La Superlega di calcio intendeva produrre in seno all'Uefa ciò che nel 2000 e avvenuto con le competizioni di basket, in Europa. Come allora era in corso una crisi economica, non certo paragonabile agli ammanchi di entrate prodotti dall'ultimo anno di sport a causa del covid-19, e alcune potenti squadre, pure allora fra queste società spagnole e italiane non vollero aderire al progetto di rinnovamento dell'allora Eurolega, gestita dalla FIBA, che aveva avocato a sé la gestione dei diritti televisivi relativi del primo torneo europeo. Così le ricche società che facevano capo all'Uleb, diedero atto alla scissione e alla nascita dell'Eurolega.
La Superlega di calcio verosimilmente nata nella sala riunioni della JP Morgan, uno dei principali istituti di credito a livello mondiale, che avrebbe fornito ai 15 club fondatori il capitale iniziale da 3,5 miliardi di euro confidava nel medesimo iter. Accentramento, più potere economico e nuova distribuzione di risorse derivanti dai diritti televisivi. Il sogno della nuova super competizione però è svanito come neve al sole in poco più di 48 ore. A decretarne la fine non sono stati tanto gli interventi della Fifa e dell'Uefa, i due massimi organi del calcio mondiale ed europeo, ma il complesso mondo del calcio. I promotori della Superlega hanno guardato ai guadagni senza coinvolgere squadre, allenatori, giocatori, e considerando i tifosi come una loro proprietà e il pubblico come un asset da mettere a bilancio.
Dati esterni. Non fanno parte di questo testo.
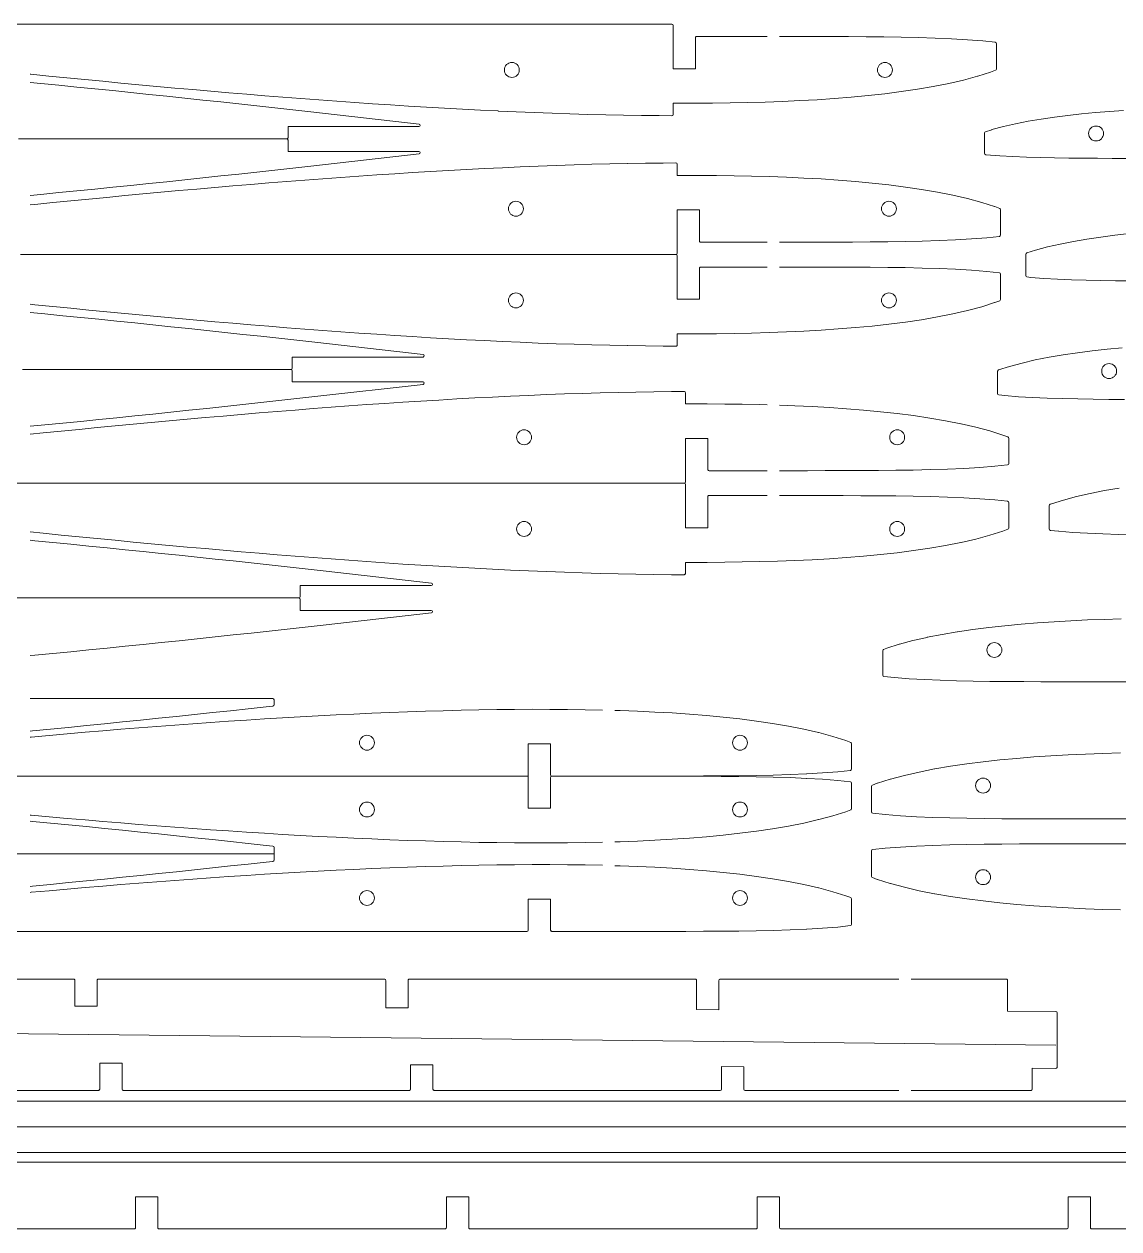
# Model space of a CAD drawing. Header units: millimetres. Extents: x 2 to 380, y 0 to 97.
# Drawn here: x 74.1 to 162.2, y -0.1 to 96.8 of the extents above; entities that cross this region are included whole.
import ezdxf

# ---------------------------------------------------------------- set-up
doc = ezdxf.new("R2010")
doc.units = ezdxf.units.MM
doc.layers.get('0').update_dxf_attribs({"color": 18, "lineweight": 20, "true_color": 0x000000})
doc.layers.add('+0.1mm', color=18, linetype='Continuous', lineweight=20, true_color=0x000000)

msp = doc.modelspace()

# ---------------------------------------------------------------- linework, layer by layer
at = {"layer": '+0.1mm'}
for p, q in [((152.431, 68.888), (152.501, 68.989)), ((3.124, 16.347), (157.124, 14.683))]:
    msp.add_line(p, q, dxfattribs=at)
at = {"layer": '+0.1mm', "flags": 128}
for points in [[(126.237, 96.798), (124.533, 96.798), (123.072, 96.798), (121.61, 96.798), (120.149, 96.798), (118.689, 96.798), (117.229, 96.798), (115.77, 96.798), (114.311, 96.798), (112.852, 96.798), (111.395, 96.798), (109.937, 96.798), (108.48, 96.798), (107.024, 96.798), (105.568, 96.798), (104.112, 96.798), (102.656, 96.798), (101.199, 96.798), (99.742, 96.798), (98.284, 96.798), (96.827, 96.798), (95.37, 96.798), (93.913, 96.798), (92.456, 96.798), (90.999, 96.798), (89.543, 96.798), (86.629, 96.798), (83.716, 96.798), (82.259, 96.798), (80.803, 96.798), (79.346, 96.798), (77.889, 96.798), (76.433, 96.798), (74.976, 96.798), (73.519, 96.798)], [(73.703, 87.56), (75.159, 87.56), (76.616, 87.56), (78.073, 87.561), (79.53, 87.561), (80.987, 87.56), (82.444, 87.56), (83.901, 87.56), (85.359, 87.56), (86.816, 87.56), (88.274, 87.56), (89.733, 87.56), (91.191, 87.56), (92.65, 87.56), (95.269, 87.561)], [(126.563, 78.262), (124.859, 78.262), (123.398, 78.262), (121.937, 78.262), (120.476, 78.262), (119.015, 78.262), (117.555, 78.262), (116.096, 78.262), (114.637, 78.262), (113.179, 78.262), (111.721, 78.262), (110.264, 78.262), (108.807, 78.262), (107.351, 78.262), (105.894, 78.262), (104.438, 78.262), (102.982, 78.262), (101.526, 78.262), (100.068, 78.262), (98.611, 78.262), (97.154, 78.262), (95.697, 78.262), (94.24, 78.262), (92.783, 78.262), (91.326, 78.262), (89.869, 78.262), (86.956, 78.262), (84.042, 78.262), (82.586, 78.262), (81.129, 78.262), (79.673, 78.262), (78.216, 78.262), (76.759, 78.262), (75.302, 78.262), (73.845, 78.261)], [(74.029, 69.024), (75.486, 69.024), (76.943, 69.024), (78.399, 69.024), (79.856, 69.024), (81.313, 69.024), (82.771, 69.024), (84.228, 69.024), (85.685, 69.024), (87.143, 69.024), (88.601, 69.024), (90.059, 69.024), (91.518, 69.024), (92.976, 69.024), (95.595, 69.024)], [(127.224, 59.881), (125.52, 59.881), (124.059, 59.881), (122.597, 59.881), (121.136, 59.881), (119.676, 59.881), (118.216, 59.881), (116.757, 59.881), (115.298, 59.881), (113.84, 59.881), (112.382, 59.881), (110.924, 59.881), (109.467, 59.881), (108.011, 59.881), (106.555, 59.881), (105.099, 59.881), (103.643, 59.881), (102.186, 59.881), (100.729, 59.881), (99.272, 59.881), (97.814, 59.881), (96.357, 59.881), (94.9, 59.881), (93.443, 59.881), (91.986, 59.881), (90.53, 59.881), (87.616, 59.881), (84.703, 59.881), (83.246, 59.881), (81.79, 59.881), (80.333, 59.881), (78.876, 59.881), (77.42, 59.881), (75.963, 59.881), (74.506, 59.881), (73.049, 59.881)], [(73.233, 50.643), (74.69, 50.643), (76.146, 50.643), (77.603, 50.643), (79.06, 50.643), (80.517, 50.643), (81.974, 50.643), (83.431, 50.643), (84.888, 50.643), (86.346, 50.643), (87.803, 50.643), (89.261, 50.643), (90.72, 50.643), (92.178, 50.643), (93.637, 50.643), (96.256, 50.644)], [(114.684, 36.316), (112.88, 36.316), (111.419, 36.316), (109.957, 36.316), (108.496, 36.316), (107.036, 36.316), (105.576, 36.316), (104.117, 36.316), (102.658, 36.316), (101.2, 36.316), (99.742, 36.316), (98.284, 36.316), (96.827, 36.316), (95.371, 36.316), (93.915, 36.316), (92.459, 36.316), (91.003, 36.316), (89.546, 36.316), (88.089, 36.316), (86.632, 36.316), (85.174, 36.316), (83.717, 36.316), (82.26, 36.316), (80.803, 36.316), (79.346, 36.316), (77.89, 36.316), (74.976, 36.316), (72.063, 36.316)], [(73.12, 30.071), (74.576, 30.071), (76.033, 30.071), (77.489, 30.071), (78.946, 30.071), (80.403, 30.071), (81.86, 30.071), (83.317, 30.071), (84.775, 30.071), (86.232, 30.071), (87.69, 30.071), (89.148, 30.071), (90.606, 30.071), (92.064, 30.071), (93.523, 30.071), (94.242, 30.071)], [(345.231, 5.272), (23.704, 5.272)]]:
    msp.add_lwpolyline(points, dxfattribs=at)
for points in [[(133.896, 95.798), (133.266, 95.798), (131.817, 95.798), (130.364, 95.798), (128.237, 95.798, 0.414214), (128.137, 95.698), (128.137, 93.21), (126.337, 93.21), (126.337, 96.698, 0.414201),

Non bastasse, anche il mondo della politica, sempre refrattario a dichiarazioni ufficiali in materia di sport, ha dato la sua spallata. Su tutti il premier inglese Boris Johnson, che arguito il malcontento generale dell'operazione che vedeva coinvolti sei squadre inglesi Manchester United, Manchester City, Tottenham, Liverpool, Chelsea e Arsenal ha cavalcato la contro crociata traendone pure un vantaggio in fatto di reputazione agli occhi dei sudditi di sua maestà e della comunità internazionale. L'idea di far parte di un prodotto premium di intrattenimento per paesi come India, Stati Uniti ed Estremo Oriente, mercati dove poter attirare sponsor e inserzionisti di ogni tipo interessava pure ai dirigenti di cinesi di Milan e Inter. Tutti a prescindere non hanno fatto i conti con i supporter sempre e comunque allietati dai valori sportivi. Il tam-tam delle voci contrarie, ora dopo ora, ha fatto il resto, ha scoraggiato aziende e brand coinvolte nel progetto che, per non correre rischi si sono defilate. Un nome su tutti Amazon, una tra le papabili media partner della Superlega, che ha velocemente rinunciato all'acquisto dei diritti sportivi.